Abstract

To explore associations between specific violence prevention strategies and nurses' perceptions of workplace safety in medical-surgical and mental health settings. Workplace violence is on the rise globally. Nurses have the highest risk of violence due to the nature of their work. Violence rates are particularly high among USA and Canadian nurses. Although multiple violence prevention strategies are currently in place in public healthcare organizations in British Columbia, Canada, it is unknown whether these approaches are associated with nurses' perceptions of workplace safety. This is an exploratory correlational design using secondary data. Using data obtained from a province-wide survey of nurses between March 2017 - January 2018, this study included 771 nurses from medical-surgical and 189 nurses from mental health settings. Data were analysed using ordinal logistic regressions.
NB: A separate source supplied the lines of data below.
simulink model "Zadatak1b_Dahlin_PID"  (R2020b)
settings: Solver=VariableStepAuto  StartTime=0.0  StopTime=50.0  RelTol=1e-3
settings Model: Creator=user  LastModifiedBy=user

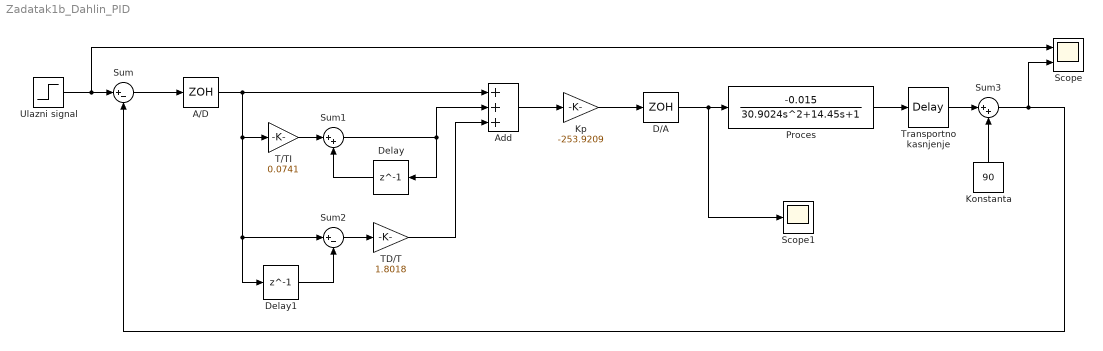
== system Zadatak1b_Dahlin_PID ==
  A/D : ZeroOrderHold
  Add : Sum  Inputs=+++
  D/A : ZeroOrderHold
  Delay : Delay  DelayLength=1
  Delay1 : Delay  DelayLength=1
  Konstanta : Constant  Value=90
  Kp : Gain  Gain=-253.9209
  Proces : TransferFcn  Numerator=[-0.015]  Denominator=[30.9024 14.45 1]
  Scope : Scope  NumInputPorts=2
  Scope1 : Scope
  Sum : Sum  Inputs=|+-
  Sum1 : Sum  Inputs=|++
  Sum2 : Sum  Inputs=|+-
  Sum3 : Sum  Inputs=|++
  T/TI : Gain  Gain=0.0741
  TD/T : Gain  Gain=1.8018
  Transportno kasnjenje : TransportDelay
  Ulazni signal : Step  Time=5  Before=90  After=80  SampleTime=0
  wires:
  D/A/1 -> Scope1/1, Proces/1
  Sum2/1 -> TD/T/1
  Proces/1 -> Transportno kasnjenje/1
  Transportno kasnjenje/1 -> Sum3/1
  Sum/1 -> A/D/1
  T/TI/1 -> Sum1/1
  Delay/1 -> Sum1/2
  Delay1/1 -> Sum2/2
  A/D/1 -> Sum2/1, Delay1/1, T/TI/1, Add/1
  Sum3/1 -> Sum/2, Scope/2
  Kp/1 -> D/A/1
  Add/1 -> Kp/1
  Konstanta/1 -> Sum3/2
  Ulazni signal/1 -> Scope/1, Sum/1
  TD/T/1 -> Add/3
  Sum1/1 -> Delay/1, Add/2
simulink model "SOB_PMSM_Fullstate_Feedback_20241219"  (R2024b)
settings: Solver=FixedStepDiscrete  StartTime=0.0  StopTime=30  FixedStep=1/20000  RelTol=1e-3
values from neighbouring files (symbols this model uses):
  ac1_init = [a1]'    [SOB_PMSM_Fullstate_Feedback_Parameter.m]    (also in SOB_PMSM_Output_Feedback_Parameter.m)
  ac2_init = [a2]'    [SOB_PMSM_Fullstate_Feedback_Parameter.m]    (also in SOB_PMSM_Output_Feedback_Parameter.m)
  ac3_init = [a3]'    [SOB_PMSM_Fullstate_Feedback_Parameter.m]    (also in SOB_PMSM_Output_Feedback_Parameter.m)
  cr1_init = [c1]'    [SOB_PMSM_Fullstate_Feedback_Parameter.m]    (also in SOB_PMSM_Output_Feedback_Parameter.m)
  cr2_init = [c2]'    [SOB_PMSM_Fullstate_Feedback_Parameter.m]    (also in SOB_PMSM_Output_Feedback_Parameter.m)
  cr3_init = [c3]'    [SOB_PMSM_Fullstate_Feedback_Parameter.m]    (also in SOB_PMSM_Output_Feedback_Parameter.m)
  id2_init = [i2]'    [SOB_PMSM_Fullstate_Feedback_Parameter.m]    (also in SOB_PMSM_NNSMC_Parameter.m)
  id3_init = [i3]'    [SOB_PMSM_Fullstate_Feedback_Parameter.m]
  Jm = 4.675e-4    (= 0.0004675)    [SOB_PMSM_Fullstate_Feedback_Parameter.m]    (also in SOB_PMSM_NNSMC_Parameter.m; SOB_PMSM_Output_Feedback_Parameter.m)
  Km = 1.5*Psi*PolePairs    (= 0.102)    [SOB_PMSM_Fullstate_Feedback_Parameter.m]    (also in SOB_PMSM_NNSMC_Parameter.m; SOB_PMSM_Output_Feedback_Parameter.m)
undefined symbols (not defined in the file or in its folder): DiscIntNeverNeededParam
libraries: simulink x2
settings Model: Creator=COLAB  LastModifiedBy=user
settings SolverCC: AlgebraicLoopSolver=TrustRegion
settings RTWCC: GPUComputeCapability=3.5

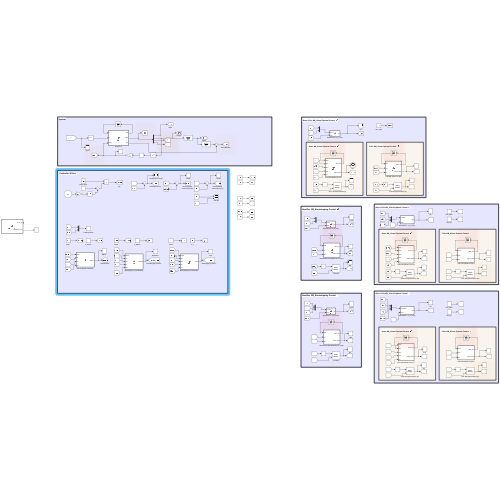
[thumbnail: Simulink's stored preview of the top-level diagram]
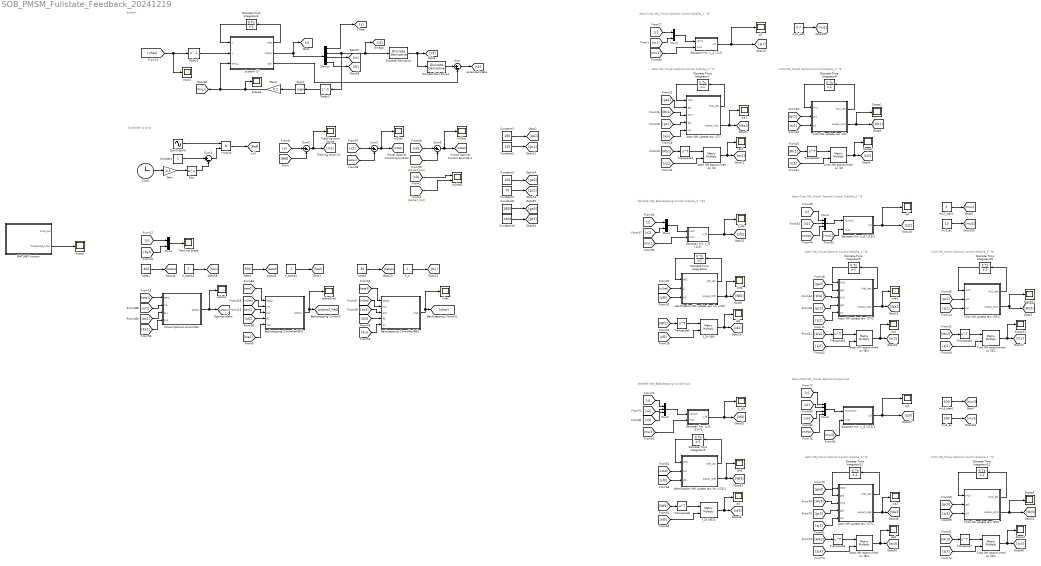
== system SOB_PMSM_Fullstate_Feedback_20241219 ==
  note: System
  note: Controller & Error
  note: Actor-Critic NN_Virtual Optimal Control $\alpha_1^*$
  note: Critic NN_Virtual Optimal Control $\alpha_1^*$
  note: Actor NN_Virtual Optimal Control $\alpha_1^*$
  note: Actor-Critic NN_Virtual Optimal Control $\alpha_2^*$
  note: Critic NN_Virtual Optimal Control $\alpha_1^*$
  note: Actor NN_Virtual Optimal Control $\alpha_1^*$
  note: Identifier NN_Backstepping Control $\alpha_2^*$$
  note: Actor-Critic NN_Virtual Optimal Control $u$
  note: Critic NN_Virtual Optimal Control $\alpha_1^*$
  note: Actor NN_Virtual Optimal Control $\alpha_1^*$
  note: Identifier NN_Backstepping Control $u$
  2sin(0.5pi*t) : Sin  Amplitude=2  Frequency=0.5*pi  SampleTime=0
  Actor NN approximation (8) : Product  Multiplication=Matrix(*)
  Actor NN approximation (8)1 : Product  Multiplication=Matrix(*)
  Actor NN approximation (8)2 : Product  Multiplication=Matrix(*)
  Actor NN update law (27) : MATLAB Function  TreatAsAtomicUnit=on
  Actor NN update law (27)1 : MATLAB Function  TreatAsAtomicUnit=on
  Actor NN update law (27)2 : MATLAB Function  TreatAsAtomicUnit=on
  Backstepping Controller(88)1 : MATLAB Function  TreatAsAtomicUnit=on
  Backstepping Controller(88)2 : MATLAB Function  TreatAsAtomicUnit=on
  Clock : Clock
  Constant : Constant
  Constant1 : Constant  Value=180
  Constant18 : Constant  Value=1400
  Constant2 : Constant  Value=140
  Constant3 : Constant  Value=100
  Constant4 : Constant  Value=70
  Constant6 : Constant  Value=1800
  Critic NN approximation (8) : Product  Multiplication=Matrix(*)
  Critic NN approximation (8)1 : Product  Multiplication=Matrix(*)
  Critic NN approximation (8)2 : Product  Multiplication=Matrix(*)
  Critic NN update law (25) : MATLAB Function  TreatAsAtomicUnit=on
  Critic NN update law (25)1 : MATLAB Function  TreatAsAtomicUnit=on
  Critic NN update law (25)2 : MATLAB Function  TreatAsAtomicUnit=on
  Delay2 : Delay  DelayLength=1
  Delay3 : Delay  DelayLength=1
  Demux : Demux
  Discrete Derivative : simulink/Discrete/Discrete Derivative  gainval=1.0  ICPrevScaledInput=0.0  OutMin=[]  OutMax=[]  OutDataType=fixdt(1, 16)  OutScaling=2^-10  DoSatur=off
  Discrete Derivative1 : simulink/Discrete/Discrete Derivative  gainval=1.0  ICPrevScaledInput=0.0  OutMin=[]  OutMax=[]  OutDataType=fixdt(1, 16)  OutScaling=2^-10  DoSatur=off
  Discrete-Time Integrator10 : DiscreteIntegrator  InitialCondition=cr2_init  SampleTime=-1  ICPrevOutput=DiscIntNeverNeededParam  ICPrevScaledInput=DiscIntNeverNeededParam
  Discrete-Time Integrator11 : DiscreteIntegrator  InitialCondition=ac3_init  SampleTime=-1  ICPrevOutput=DiscIntNeverNeededParam  ICPrevScaledInput=DiscIntNeverNeededParam
  Discrete-Time Integrator12 : DiscreteIntegrator  InitialCondition=cr3_init  SampleTime=-1  ICPrevOutput=DiscIntNeverNeededParam  ICPrevScaledInput=DiscIntNeverNeededParam
  Discrete-Time Integrator4 : DiscreteIntegrator  InitialCondition=[0 0 0 0]  SampleTime=-1  ICPrevOutput=DiscIntNeverNeededParam  ICPrevScaledInput=DiscIntNeverNeededParam
  Discrete-Time Integrator5 : DiscreteIntegrator  InitialCondition=id3_init  SampleTime=-1  ICPrevOutput=DiscIntNeverNeededParam  ICPrevScaledInput=DiscIntNeverNeededParam
  Discrete-Time Integrator6 : DiscreteIntegrator  InitialCondition=id2_init  SampleTime=-1  ICPrevOutput=DiscIntNeverNeededParam  ICPrevScaledInput=DiscIntNeverNeededParam
  Discrete-Time Integrator7 : DiscreteIntegrator  InitialCondition=ac1_init  SampleTime=-1  ICPrevOutput=DiscIntNeverNeededParam  ICPrevScaledInput=DiscIntNeverNeededParam
  Discrete-Time Integrator8 : DiscreteIntegrator  InitialCondition=cr1_init  SampleTime=-1  ICPrevOutput=DiscIntNeverNeededParam  ICPrevScaledInput=DiscIntNeverNeededParam
  Discrete-Time Integrator9 : DiscreteIntegrator  InitialCondition=ac2_init  SampleTime=-1  ICPrevOutput=DiscIntNeverNeededParam  ICPrevScaledInput=DiscIntNeverNeededParam
  Exp : Math
  Gain : Gain  Gain=-0.5
  Gain2 : Gain  Gain=0.2
  Gaussian fnc. s_f2 (114) : MATLAB Function  TreatAsAtomicUnit=on
  Gaussian fnc. s_f2 (114)1 : MATLAB Function  TreatAsAtomicUnit=on
  Gaussian fnc. s_j1 (112) : MATLAB Function  TreatAsAtomicUnit=on
  Gaussian fnc. s_j2 (115)1 : MATLAB Function  TreatAsAtomicUnit=on
  Gaussian fnc. s_j2 (115)2 : MATLAB Function  TreatAsAtomicUnit=on
  K_alpha1 : Constant
  K_alpha2 : Constant
  K_u : Constant
  MATLAB Function : MATLAB Function  TreatAsAtomicUnit=on
  Mux1 : Mux  Inputs=2
  Mux2 : Mux  Inputs=3
  Mux3 : Mux  Inputs=2
  Mux4 : Mux  Inputs=2
  Mux5 : Mux  Inputs=3
  Mux6 : Mux
  Product : Product
  S_id2 : Scope
  S_id3 : Scope
  Scope{,1..2,4,6..7,11..12} (8 alike) : Scope
  Sign2 : Signum
  Sum{,2..3,5..6} (5 alike) : Sum  Inputs=|+-
  System (1) : MATLAB Function  TreatAsAtomicUnit=on
  Tracking Scope : Scope
  Tracking error Scope : Scope
  Transpose{1..8} (8 alike) : Math  Operator=transpose  SignedPower=on
  Virtual Optimal control(26) : MATLAB Function  TreatAsAtomicUnit=on
  Wf2 : Scope
  Wf3 : Scope
  ac1 : Scope
  ac2 : Scope
  ac3 : Scope
  alpha1 : Scope
  alpha2hat : Scope
  beta1 : Constant  Value=300
  beta2 : Constant  Value=900
  beta3 : Constant  Value=30
  f_2h (86) : Product  Multiplication=Matrix(*)
  f_2h (86)1 : Product  Multiplication=Matrix(*)
  id2 : Scope
  id3 : Scope
  identification NN update law for u(23) : MATLAB Function  TreatAsAtomicUnit=on
  identification NN update law for u(23)1 : MATLAB Function  TreatAsAtomicUnit=on
  input1 : Scope
  m2hat : Scope
  m2hat2 : Scope  NumInputPorts=2
  m3hat : Scope
  mu1_iden : Constant  Value=0.7
  mu2_ac : Constant  Value=10
  mu2_iden1 : Constant  Value=2
  mu3_ac : Constant  Value=300
  mu3_iden1 : Constant  Value=400
  sj1 : Scope
  sj2 : Scope
  sj3 : Scope
  uhat : Scope
  wa1 : Scope
  wa2 : Scope
  wa3 : Scope
  wires:
  Constant1/1 -> [ga1]
  Virtual Optimal control(26)/1(alpha1) -> alpha1/1, [alpha1]
  [ac1] -> Virtual Optimal control(26)/3(ac1)
  [m1] -> Virtual Optimal control(26)/2(m1)
  [ac2] -> Backstepping Controller(88)2/3(ac2)
  [m2hat] -> Backstepping Controller(88)2/2(m2)
  beta1/1 -> [beta1]
  beta2/1 -> [beta2]
  [beta1] -> Virtual Optimal control(26)/1(beta1)
  [beta2] -> Backstepping Controller(88)2/1(beta2)
  K_alpha1/1 -> [Ka1]
  K_alpha2/1 -> [Ka2]
  [Ka1] -> Virtual Optimal control(26)/4(Ka1)
  [Ka2] -> Backstepping Controller(88)2/5(Ka2)
  Backstepping Controller(88)2/1(alpha2) -> alpha2hat/1, [alpha2_hat]
  [ga2] -> Actor NN update law (27)2/2(ga2)
  [gc2] -> Critic NN update law (25)2/2(gc2)
  Constant3/1 -> [ga2]
  Constant4/1 -> [gc2]
  [gc1] -> Critic NN update law (25)/2(gc1)
  Constant2/1 -> [gc1]
  [ga1] -> Actor NN update law (27)/2(ga1)
  Gain/1 -> Exp/1
  Sum3/1 -> Product/2
  Product/1 -> [Ref]
  Exp/1 -> Sum3/2
  Constant/1 -> Sum3/1
  Clock/1 -> Gain/1
  Gaussian fnc. s_j1 (112)/1(sj1) -> [sj1], sj1/1
  [y] -> Mux4/1
  Mux4/1 -> Gaussian fnc. s_j1 (112)/1(x1m1)
  [m1] -> Mux4/2
  [Wc1] -> Actor NN update law (27)/3(Wc1)
  [gc1] -> Actor NN update law (27)/4(gc1)
  Actor NN approximation (8)/1 -> [ac1], ac1/1
  [sj1] -> Actor NN approximation (8)/2
  Transpose3/1 -> Actor NN approximation (8)/1
  [Wa1] -> Transpose3/1
  Actor NN update law (27)/2(output_Wa1) -> wa1/1, [Wa1]
  [sj1] -> Actor NN update law (27)/5(sj1)
  Discrete-Time Integrator7/1 -> Actor NN update law (27)/1(Wa1)
  Actor NN update law (27)/1(Wa1_dot) -> Discrete-Time Integrator7/1
  Critic NN update law (25)/1(Wc1_dot) -> Discrete-Time Integrator8/1
  Discrete-Time Integrator8/1 -> Critic NN update law (25)/1(Wc1)
  [sj1] -> Critic NN update law (25)/3(sj1)
  Critic NN update law (25)/2(output_Wc1) -> [Wc1], Scope1/1
  [Wc1] -> Transpose2/1
  Transpose2/1 -> Critic NN approximation (8)/1
  [sj1] -> Critic NN approximation (8)/2
  Critic NN approximation (8)/1 -> Scope2/1, [ct1]
  [Wc2] -> Actor NN update law (27)2/3(Wc2)
  [gc2] -> Actor NN update law (27)2/4(gc2)
  Actor NN approximation (8)2/1 -> [ac2], ac2/1
  [sj2] -> Actor NN approximation (8)2/2
  Transpose1/1 -> Actor NN approximation (8)2/1
  [Wa2] -> Transpose1/1
  Actor NN update law (27)2/2(output_Wa2) -> [Wa2], wa2/1
  [sj2] -> Actor NN update law (27)2/5(sj2)
  Discrete-Time Integrator9/1 -> Actor NN update law (27)2/1(Wa2)
  Actor NN update law (27)2/1(Wa2_dot) -> Discrete-Time Integrator9/1
  Critic NN update law (25)2/1(Wc2_dot) -> Discrete-Time Integrator10/1
  Discrete-Time Integrator10/1 -> Critic NN update law (25)2/1(Wc2)
  [sj2] -> Critic NN update law (25)2/3(sj2)
  Critic NN update law (25)2/2(output_Wc2) -> Scope11/1, [Wc2]
  [Wc2] -> Transpose4/1
  Transpose4/1 -> Critic NN approximation (8)2/1
  [sj2] -> Critic NN approximation (8)2/2
  Critic NN approximation (8)2/1 -> Scope12/1, [ct2]
  [x2] -> Mux2/2
  [m2hat] -> Mux2/3
  Gaussian fnc. s_j2 (115)1/1(sj2) -> [sj2], sj2/1
  [y] -> Mux2/1
  Mux2/1 -> Gaussian fnc. s_j2 (115)1/1(x1x2m2)
  Mux3/1 -> Tracking Scope/1
  [Ref] -> Mux3/2
  [y] -> Mux3/1
  Sum2/1 -> [m1], Tracking error Scope/1
  [y] -> Sum2/1
  [Ref] -> Sum2/2
  2sin(0.5pi*t)/1 -> Product/1
  Sum5/1 -> [m2hat], m2hat/1
  [x2] -> Sum5/1
  [alpha1] -> Sum5/2
  Gaussian fnc. s_f2 (114)/1(s_f2) -> [sf2], S_id2/1
  [x2] -> Mux1/2
  Mux1/1 -> Gaussian fnc. s_f2 (114)/1(x1x2)
  [y] -> Mux1/1
  identification NN update law for u(23)/1(Wf2_dot) -> Discrete-Time Integrator6/1
  Discrete-Time Integrator6/1 -> identification NN update law for u(23)/1(Wf2)
  [m2hat] -> identification NN update law for u(23)/2(z2)
  [sf2] -> identification NN update law for u(23)/3(sf2)
  identification NN update law for u(23)/2(output_Wf2) -> [Wf2], Wf2/1
  [Wf2] -> Transpose5/1
  Transpose5/1 -> f_2h (86)/1
  [sf2] -> f_2h (86)/2
  f_2h (86)/1 -> id2/1, [id2]
  [id2] -> Backstepping Controller(88)2/4(ff2)
  [id3] -> Backstepping Controller(88)1/4(ff3)
  Backstepping Controller(88)1/1(uhat) -> [uhat], uhat/1
  [Ku] -> Backstepping Controller(88)1/5(Ku)
  K_u/1 -> [Ku]
  [beta3] -> Backstepping Controller(88)1/1(beta3)
  beta3/1 -> [beta3]
  [m3hat] -> Backstepping Controller(88)1/2(m3)
  [ac3] -> Backstepping Controller(88)1/3(ac3)
  [alpha2_hat] -> Sum6/2
  [x3] -> Sum6/1
  Sum6/1 -> m3hat/1, [m3hat]
  f_2h (86)1/1 -> [id3], id3/1
  [sf3] -> f_2h (86)1/2
  Transpose8/1 -> f_2h (86)1/1
  [Wf3] -> Transpose8/1
  identification NN update law for u(23)1/2(output_Wf3) -> Wf3/1, [Wf3]
  [sf3] -> identification NN update law for u(23)1/3(sf3)
  [m3hat] -> identification NN update law for u(23)1/2(m3)
  Discrete-Time Integrator5/1 -> identification NN update law for u(23)1/1(Wf3)
  identification NN update law for u(23)1/1(Wf3_dot) -> Discrete-Time Integrator5/1
  [y] -> Mux5/1
  Mux5/1 -> Gaussian fnc. s_f2 (114)1/1(x1x2x3)
  [x2] -> Mux5/2
  Gaussian fnc. s_f2 (114)1/1(s_f3) -> S_id3/1, [sf3]
  Mux6/1 -> Gaussian fnc. s_j2 (115)2/1(x1x2x3m3)
  [y] -> Mux6/1
  Gaussian fnc. s_j2 (115)2/1(sj3) -> sj3/1, [sj3]
  [x2] -> Mux6/2
  Critic NN approximation (8)1/1 -> [ct3], Scope7/1
  [sj3] -> Critic NN approximation (8)1/2
  Transpose7/1 -> Critic NN approximation (8)1/1
  [Wc3] -> Transpose7/1
  Critic NN update law (25)1/2(output_Wc3) -> [Wc3], Scope6/1
  [sj3] -> Critic NN update law (25)1/3(sj3)
  Discrete-Time Integrator12/1 -> Critic NN update law (25)1/1(Wc3)
  Critic NN update law (25)1/1(Wc3_dot) -> Discrete-Time Integrator12/1
  Actor NN update law (27)1/1(Wa3_dot) -> Discrete-Time Integrator11/1
  Discrete-Time Integrator11/1 -> Actor NN update law (27)1/1(Wa3)
  [sj3] -> Actor NN update law (27)1/5(sj3)
  Actor NN update law (27)1/2(output_Wa3) -> wa3/1, [Wa3]
  [Wa3] -> Transpose6/1
  Transpose6/1 -> Actor NN approximation (8)1/1
  [sj3] -> Actor NN approximation (8)1/2
  Actor NN approximation (8)1/1 -> ac3/1, [ac3]
  [gc3] -> Actor NN update law (27)1/4(gc3)
  [Wc3] -> Actor NN update law (27)1/3(Wc3)
  [gc3] -> Critic NN update law (25)1/2(gc3)
  [ga3] -> Actor NN update law (27)1/2(ga3)
  [x3] -> Mux5/3
  [m3hat] -> Mux6/4
  [x3] -> Mux6/3
  Constant18/1 -> [gc3]
  Constant6/1 -> [ga3]
  Demux/4 -> [ib]
  Demux/3 -> [ia]
  [uhat] -> Delay2/1, input1/1
  Discrete-Time Integrator4/1 -> System (1)/1(x)
  System (1)/1(xdot) -> Discrete-Time Integrator4/1
  Demux/2 -> Delay3/1, Discrete Derivative/1, [x2]
  Demux/1 -> [y]
  Sign2/1 -> Gain2/1
  Discrete Derivative/1 -> Discrete Derivative1/1, [x3]
  Gain2/1 -> System (1)/3(torq_L), [torq_L], Scope4/1
  System (1)/2(output) -> Demux/1, [x]
  Discrete Derivative1/1 -> Sum/1
  System (1)/3(g0u) -> Sum/2
  Sum/1 -> [x4]
  mu1_iden/1 -> [mu1]
  [mu1] -> Gaussian fnc. s_j1 (112)/2(mu1)
  mu2_ac/1 -> [mu2]
  [mui2] -> Gaussian fnc. s_f2 (114)/2(mu2)
  [mu2] -> Gaussian fnc. s_j2 (115)1/2(mu2)
  mu3_ac/1 -> [mu3]
  [mui3] -> Gaussian fnc. s_f2 (114)1/2(mu3)
  [mu3] -> Gaussian fnc. s_j2 (115)2/2(mu3)
  Delay2/1 -> System (1)/2(u)
  Delay3/1 -> Sign2/1
  mu2_iden1/1 -> [mui2]
  mu3_iden1/1 -> [mui3]
  [x3] -> m2hat2/1
  [alpha2_hat] -> m2hat2/2
  MATLAB Function/2(Turnaround_time) -> Scope/1

== matlab function SOB_PMSM_Fullstate_Feedback_20241219/Gaussian fnc. s_j1 (112) ==
  data: x1m1 input size=2; sj1 output size=16; mean2 parameter; mu1 input
function sj1 = fcn(x1m1,mean2, mu1)

sjm1=[0 0 0 0 0 0 0 0 0 0 0 0 0 0 0 0];

for i=1:16
    sjm1(i)=gau(i);
end

sj1 = [sjm1]';

function y = gau(x)
    y = exp(-(norm(x1m1+mean2(x,:)'))^(2)/(mu1^(2)));
end

end

== matlab function SOB_PMSM_Fullstate_Feedback_20241219/Critic NN update law (25)1 ==
  data: Wc3 input; gc3 input; sj3 input; Wc3_dot output; output_Wc3 output
function [Wc3_dot, output_Wc3] = fcn(Wc3, gc3, sj3)

Wc3_dot = -gc3*sj3*(sj3')*Wc3;

output_Wc3=Wc3;

== matlab function SOB_PMSM_Fullstate_Feedback_20241219/Gaussian fnc. s_j2 (115)1 ==
  data: x1x2m2 input size=3; sj2 output size=16; mean4 parameter; mu2 input
function sj2  = fcn(x1x2m2,mean4, mu2)

sjm2=[0 0 0 0 0 0 0 0 0 0 0 0 0 0 0 0];

for i=1:16
    sjm2(i)=gau(i);
end

sj2 = [sjm2]';

function y = gau(x)
    y = exp(-(norm(x1x2m2+mean4(x,:)'))^(2)/(mu2^(2)));
end

end

== matlab function SOB_PMSM_Fullstate_Feedback_20241219/Gaussian fnc. s_f2 (114)1 ==
  data: x1x2x3 input size=3; s_f3 output size=16; mean5 parameter; mu3 input
function s_f3 = fcn(x1x2x3,mean5, mu3)

s_fm3 = [0 0 0 0 0 0 0 0 0 0 0 0 0 0 0 0];

for i=1:16
    s_fm3(i)=gau(i);
end

s_f3 = [s_fm3]';

function y = gau(x)
    y = exp(-(norm(x1x2x3+mean5(x,:)'))^(2)/(mu3^(2)));
end

end

== matlab function SOB_PMSM_Fullstate_Feedback_20241219/identification NN update law for u(23) ==
  data: Wf2 input; z2 input; Wf2_dot output; output_Wf2 output; sf2 input
function [Wf2_dot, output_Wf2] = fcn(Wf2, z2, sf2)

GAMMA2=diag([1 1 1 1 1 1 1 1 1 1 1 1 1 1 1 1]).*(18.8);
sigma2=32.6;

Wf2_dot = [GAMMA2*(sf2*z2-sigma2*Wf2)];

output_Wf2=Wf2;

== matlab function SOB_PMSM_Fullstate_Feedback_20241219/Gaussian fnc. s_f2 (114) ==
  data: x1x2 input size=2; s_f2 output size=16; mean3 parameter; mu2 input
function s_f2 = fcn(x1x2,mean3, mu2)

s_fm2 = [0 0 0 0 0 0 0 0 0 0 0 0 0 0 0 0];

for i=1:16
    s_fm2(i)=gau(i);
end

s_f2 = [s_fm2]';

function y = gau(x)
    y = exp(-(norm(x1x2+mean3(x,:)'))^(2)/(mu2^(2)));
end

end

== matlab function SOB_PMSM_Fullstate_Feedback_20241219/Gaussian fnc. s_j2 (115)2 ==
  data: x1x2x3m3 input size=4; sj3 output size=16; mean6 parameter; mu3 input
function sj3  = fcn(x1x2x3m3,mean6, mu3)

For medical-surgical and mental health nurses, greater perceptions of workplace safety were related to employers listening to them with respect to violence prevention strategies. Nurses in both settings were more likely to feel safe when they were not expected to physically intervene during a code white situation. Medical-surgical nurses were more likely to feel safe when code white incident reviews were conducted and fixed alarms were used. Mental health nurses were more likely to report feeling safe when they had enough properly trained code white responders on their unit. Nurse-employer engagement is critical to nurses' perceptions of feeling safe at work. Engagement opportunities include nurses' involvement in discussions about appropriate violence prevention strategies, collaborative debriefing after violent incidents and co-development and updates of patients' behavioural care plans.